影子不知道从哪里掏出了一把明晃晃的刀,把自己和她分割开来。这样影子便直了起来,站在她的面前。
她问影子,"你要去什么地方呢?"
"很美的地方,据说",她再次看见影子嘴边勾起了那一抹奇怪的笑容,"那里没有春秋,只有极热和极冷,那里没有平地,只有山,连绵不绝的山,那些山很奇怪,它们都是沙子构成的,有的沙子是暗燃的炭,有些沙子是冰粒。"
"那里也有蔷薇,开在沥青上的蔷薇,蔷薇是世间所不能想象的红色,那么美的红色,连影子见了也忍不住落泪的红色,那样的红……,总能让影子想起它们在尘世的生活,我会想你,用这里想……",影子指了指自己的心脏,"可是你会痛,如果我踏在那灼热的炭上感觉到了痛,如果我想起你……,你便会痛。"
她听到这里便不禁大惊失色。选择成为现在这样一种生物,难道不是为了拒绝所有的痛苦所有的不满,没想到在所有欲望都可以被轻易满足的时候,自己仍然会痛,并且控制疼痛的权利居然不能掌握在自己的手上。
黑暗中,影子仍然看出了她的惊恐。影子笑出声来,那笑声一溢出鼻腔外,便融入了黑夜。影子那怪异的笑容如无处不在的夜色将她包围。
她和影子在黑暗中对峙着。
影子把手中的刀递给了她,"如果你不愿感觉到疼痛,那你便朝我心脏刺下去吧,一直到,从我的心脏溅出像蔷薇那般的红色来。你的心脏现在在我体内,我早该知道的,你已经是……没有心的。我的心脏死了,我便死了,从此你再也没有牵扯,可是,也再也没有谁将你想起。"
她手里握着刀子,手因为兴奋而颤抖着。
我终于可以完全掌控我自己了。
红色的血在黑夜里四溅开来。影子笑着倒下去,"我再也不能去那个地方,可是开放在沥青上的红色,是不是和今夜我的血颜色一样呢?"

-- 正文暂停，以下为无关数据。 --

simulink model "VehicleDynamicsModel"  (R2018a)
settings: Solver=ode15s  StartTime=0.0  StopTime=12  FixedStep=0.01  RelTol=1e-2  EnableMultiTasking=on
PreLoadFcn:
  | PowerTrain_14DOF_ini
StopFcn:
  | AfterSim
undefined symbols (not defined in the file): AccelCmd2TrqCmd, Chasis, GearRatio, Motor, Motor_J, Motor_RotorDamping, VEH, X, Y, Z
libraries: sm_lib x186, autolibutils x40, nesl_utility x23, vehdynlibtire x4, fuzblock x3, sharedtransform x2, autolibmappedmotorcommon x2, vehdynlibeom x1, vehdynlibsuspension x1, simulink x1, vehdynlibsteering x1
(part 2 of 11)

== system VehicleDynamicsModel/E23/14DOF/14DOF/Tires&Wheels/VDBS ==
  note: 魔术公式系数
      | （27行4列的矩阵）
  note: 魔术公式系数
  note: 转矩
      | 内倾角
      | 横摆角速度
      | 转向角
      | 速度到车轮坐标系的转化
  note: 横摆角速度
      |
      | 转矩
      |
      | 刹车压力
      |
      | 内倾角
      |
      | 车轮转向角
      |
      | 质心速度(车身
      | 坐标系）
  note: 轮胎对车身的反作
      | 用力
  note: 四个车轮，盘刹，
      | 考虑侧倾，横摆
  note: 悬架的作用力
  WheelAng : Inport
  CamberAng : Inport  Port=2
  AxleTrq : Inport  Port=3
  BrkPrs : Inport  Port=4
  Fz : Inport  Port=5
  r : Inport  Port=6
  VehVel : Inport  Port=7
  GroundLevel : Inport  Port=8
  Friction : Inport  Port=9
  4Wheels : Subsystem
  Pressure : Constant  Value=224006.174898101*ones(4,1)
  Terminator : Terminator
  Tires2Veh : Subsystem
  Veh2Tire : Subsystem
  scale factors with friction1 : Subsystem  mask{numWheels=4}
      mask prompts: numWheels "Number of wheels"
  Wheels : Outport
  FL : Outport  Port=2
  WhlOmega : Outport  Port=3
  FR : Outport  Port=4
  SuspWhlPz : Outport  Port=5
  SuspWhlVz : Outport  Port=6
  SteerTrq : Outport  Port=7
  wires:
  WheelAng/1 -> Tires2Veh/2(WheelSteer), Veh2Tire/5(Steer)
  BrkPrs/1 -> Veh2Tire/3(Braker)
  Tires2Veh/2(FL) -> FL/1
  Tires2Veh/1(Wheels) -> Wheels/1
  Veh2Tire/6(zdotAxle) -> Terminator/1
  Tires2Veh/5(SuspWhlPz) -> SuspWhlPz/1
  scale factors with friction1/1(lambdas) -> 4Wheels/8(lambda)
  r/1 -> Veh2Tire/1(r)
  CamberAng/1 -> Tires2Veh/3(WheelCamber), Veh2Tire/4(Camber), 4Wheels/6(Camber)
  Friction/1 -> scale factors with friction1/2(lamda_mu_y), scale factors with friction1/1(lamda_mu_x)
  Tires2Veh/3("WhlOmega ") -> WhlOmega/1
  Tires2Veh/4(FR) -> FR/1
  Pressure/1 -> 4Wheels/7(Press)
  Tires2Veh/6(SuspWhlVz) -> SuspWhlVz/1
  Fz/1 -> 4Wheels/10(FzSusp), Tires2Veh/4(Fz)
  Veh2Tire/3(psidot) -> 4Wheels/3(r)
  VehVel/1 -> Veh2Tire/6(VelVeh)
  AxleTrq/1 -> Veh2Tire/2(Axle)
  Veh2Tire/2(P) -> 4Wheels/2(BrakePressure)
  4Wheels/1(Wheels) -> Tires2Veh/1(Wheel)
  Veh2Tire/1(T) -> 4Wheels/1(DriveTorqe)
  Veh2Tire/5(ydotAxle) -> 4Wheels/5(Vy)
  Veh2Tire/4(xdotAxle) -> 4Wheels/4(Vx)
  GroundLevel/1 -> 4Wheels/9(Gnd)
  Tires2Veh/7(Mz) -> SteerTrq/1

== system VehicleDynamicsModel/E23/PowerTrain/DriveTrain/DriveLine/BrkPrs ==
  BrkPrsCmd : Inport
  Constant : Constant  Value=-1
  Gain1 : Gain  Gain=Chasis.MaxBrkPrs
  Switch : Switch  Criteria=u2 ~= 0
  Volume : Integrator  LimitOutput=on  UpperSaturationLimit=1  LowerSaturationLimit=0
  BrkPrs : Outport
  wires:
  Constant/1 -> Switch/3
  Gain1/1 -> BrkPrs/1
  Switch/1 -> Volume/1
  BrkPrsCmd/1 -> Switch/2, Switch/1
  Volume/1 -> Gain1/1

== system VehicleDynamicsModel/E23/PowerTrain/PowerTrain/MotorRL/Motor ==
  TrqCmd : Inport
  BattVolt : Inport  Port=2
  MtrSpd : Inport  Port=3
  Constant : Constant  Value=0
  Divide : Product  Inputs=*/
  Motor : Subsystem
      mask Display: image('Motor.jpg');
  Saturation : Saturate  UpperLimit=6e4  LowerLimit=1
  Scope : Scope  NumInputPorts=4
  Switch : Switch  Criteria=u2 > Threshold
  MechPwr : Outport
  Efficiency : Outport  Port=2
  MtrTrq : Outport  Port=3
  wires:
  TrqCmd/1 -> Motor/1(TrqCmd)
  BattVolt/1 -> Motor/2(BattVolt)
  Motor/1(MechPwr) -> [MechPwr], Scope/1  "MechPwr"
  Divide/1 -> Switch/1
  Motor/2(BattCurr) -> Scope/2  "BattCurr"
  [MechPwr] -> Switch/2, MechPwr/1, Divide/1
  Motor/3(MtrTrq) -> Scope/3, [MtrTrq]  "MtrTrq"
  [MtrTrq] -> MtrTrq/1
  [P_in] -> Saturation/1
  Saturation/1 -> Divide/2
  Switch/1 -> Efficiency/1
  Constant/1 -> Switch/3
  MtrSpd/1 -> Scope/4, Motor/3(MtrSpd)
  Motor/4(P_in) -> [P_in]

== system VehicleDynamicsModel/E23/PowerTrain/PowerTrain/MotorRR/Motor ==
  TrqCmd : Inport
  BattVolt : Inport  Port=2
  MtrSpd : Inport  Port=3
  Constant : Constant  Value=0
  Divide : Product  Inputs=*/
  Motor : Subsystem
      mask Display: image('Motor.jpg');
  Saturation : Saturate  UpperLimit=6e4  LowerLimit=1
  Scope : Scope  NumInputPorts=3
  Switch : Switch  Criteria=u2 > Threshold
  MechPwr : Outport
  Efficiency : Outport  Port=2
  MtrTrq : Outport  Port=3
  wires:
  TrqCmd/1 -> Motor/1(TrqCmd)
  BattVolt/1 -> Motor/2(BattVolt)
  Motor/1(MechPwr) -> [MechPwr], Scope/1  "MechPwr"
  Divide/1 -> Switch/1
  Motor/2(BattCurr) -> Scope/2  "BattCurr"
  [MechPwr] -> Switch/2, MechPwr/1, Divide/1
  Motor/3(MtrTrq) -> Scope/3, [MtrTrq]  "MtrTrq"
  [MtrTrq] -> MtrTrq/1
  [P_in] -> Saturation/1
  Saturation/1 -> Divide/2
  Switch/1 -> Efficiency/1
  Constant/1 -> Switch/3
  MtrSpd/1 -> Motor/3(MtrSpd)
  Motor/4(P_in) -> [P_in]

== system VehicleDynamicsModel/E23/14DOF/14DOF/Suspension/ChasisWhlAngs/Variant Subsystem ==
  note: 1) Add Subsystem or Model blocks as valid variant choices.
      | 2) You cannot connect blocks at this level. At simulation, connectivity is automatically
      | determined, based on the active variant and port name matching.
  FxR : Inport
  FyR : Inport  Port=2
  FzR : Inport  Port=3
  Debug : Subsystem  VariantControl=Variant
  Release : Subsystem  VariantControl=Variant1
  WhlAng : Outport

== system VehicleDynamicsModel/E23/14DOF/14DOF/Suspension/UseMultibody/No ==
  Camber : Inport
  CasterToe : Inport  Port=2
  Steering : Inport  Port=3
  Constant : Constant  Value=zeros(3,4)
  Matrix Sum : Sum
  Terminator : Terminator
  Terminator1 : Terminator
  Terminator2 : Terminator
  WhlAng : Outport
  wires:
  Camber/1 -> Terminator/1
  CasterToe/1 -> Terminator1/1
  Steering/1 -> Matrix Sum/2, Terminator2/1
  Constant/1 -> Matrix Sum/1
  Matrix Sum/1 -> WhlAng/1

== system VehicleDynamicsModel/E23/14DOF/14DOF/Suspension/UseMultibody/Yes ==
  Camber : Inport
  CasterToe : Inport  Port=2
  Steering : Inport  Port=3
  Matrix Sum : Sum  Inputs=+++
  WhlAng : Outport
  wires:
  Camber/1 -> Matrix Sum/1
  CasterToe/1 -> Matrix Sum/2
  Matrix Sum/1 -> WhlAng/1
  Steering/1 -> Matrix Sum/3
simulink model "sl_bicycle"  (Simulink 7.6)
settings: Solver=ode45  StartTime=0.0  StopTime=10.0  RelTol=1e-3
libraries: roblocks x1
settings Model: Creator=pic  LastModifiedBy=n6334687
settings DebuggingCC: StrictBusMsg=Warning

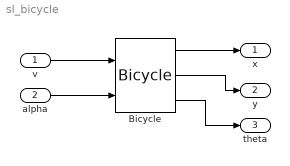
== system sl_bicycle ==
  v : Inport
  alpha : Inport  Port=2
  Bicycle : roblocks/Dynamics/Bicycle  SystemSampleTime=-1  accel=1  vlim=1  alim=2  x0=[0, 0, 0]  handbrake=0
  x : Outport
  y : Outport  Port=2
  theta : Outport  Port=3
  wires:
  v/1 -> Bicycle/1
  alpha/1 -> Bicycle/2
  Bicycle/1 -> x/1
  Bicycle/2 -> y/1
  Bicycle/3 -> theta/1

"你死吧,你死了你就不会痛苦,我也就没有痛苦了。"她拭着刀上残留的血痕,对倒在血泊里的影子说。
(四)那一夜的风情
故事的最后当然是这样的:从此她快乐的生活着。
夜幕降临,一只吸血蝙蝠从阴暗潮湿的山洞出发,展翅飞去。她的翅膀下咕咕生风,世界在她的翅膀下迅速往后退。
有哪一夜比一个嗜血的夜更美呢?
又是一个冬至夜,又有一个人,身着黑衣,由一只双眼幽碧的黑猫带领来到夜的深处,渴望接受万鬼的朝拜。她也去了,驾着她的白色纸马,那一夜,她饮了一个冬至夜黑衣人的血,味道是如此的美好。每年一次这样的盛宴,每年一个人类化作和她一样的生命。那么是不是每一年,一个影子在子夜三点来和自己的主人告别,然后被自己的主人刺死在凌晨之前呢?
大概传说中的那个地方,没有一个影子能真正到达吧?
她在尽饮了血之后这么懒懒的想。每一个夜都是如此美好,都是如此风情万钟,就像在无边的黑暗里溅开了一朵又一朵的血花。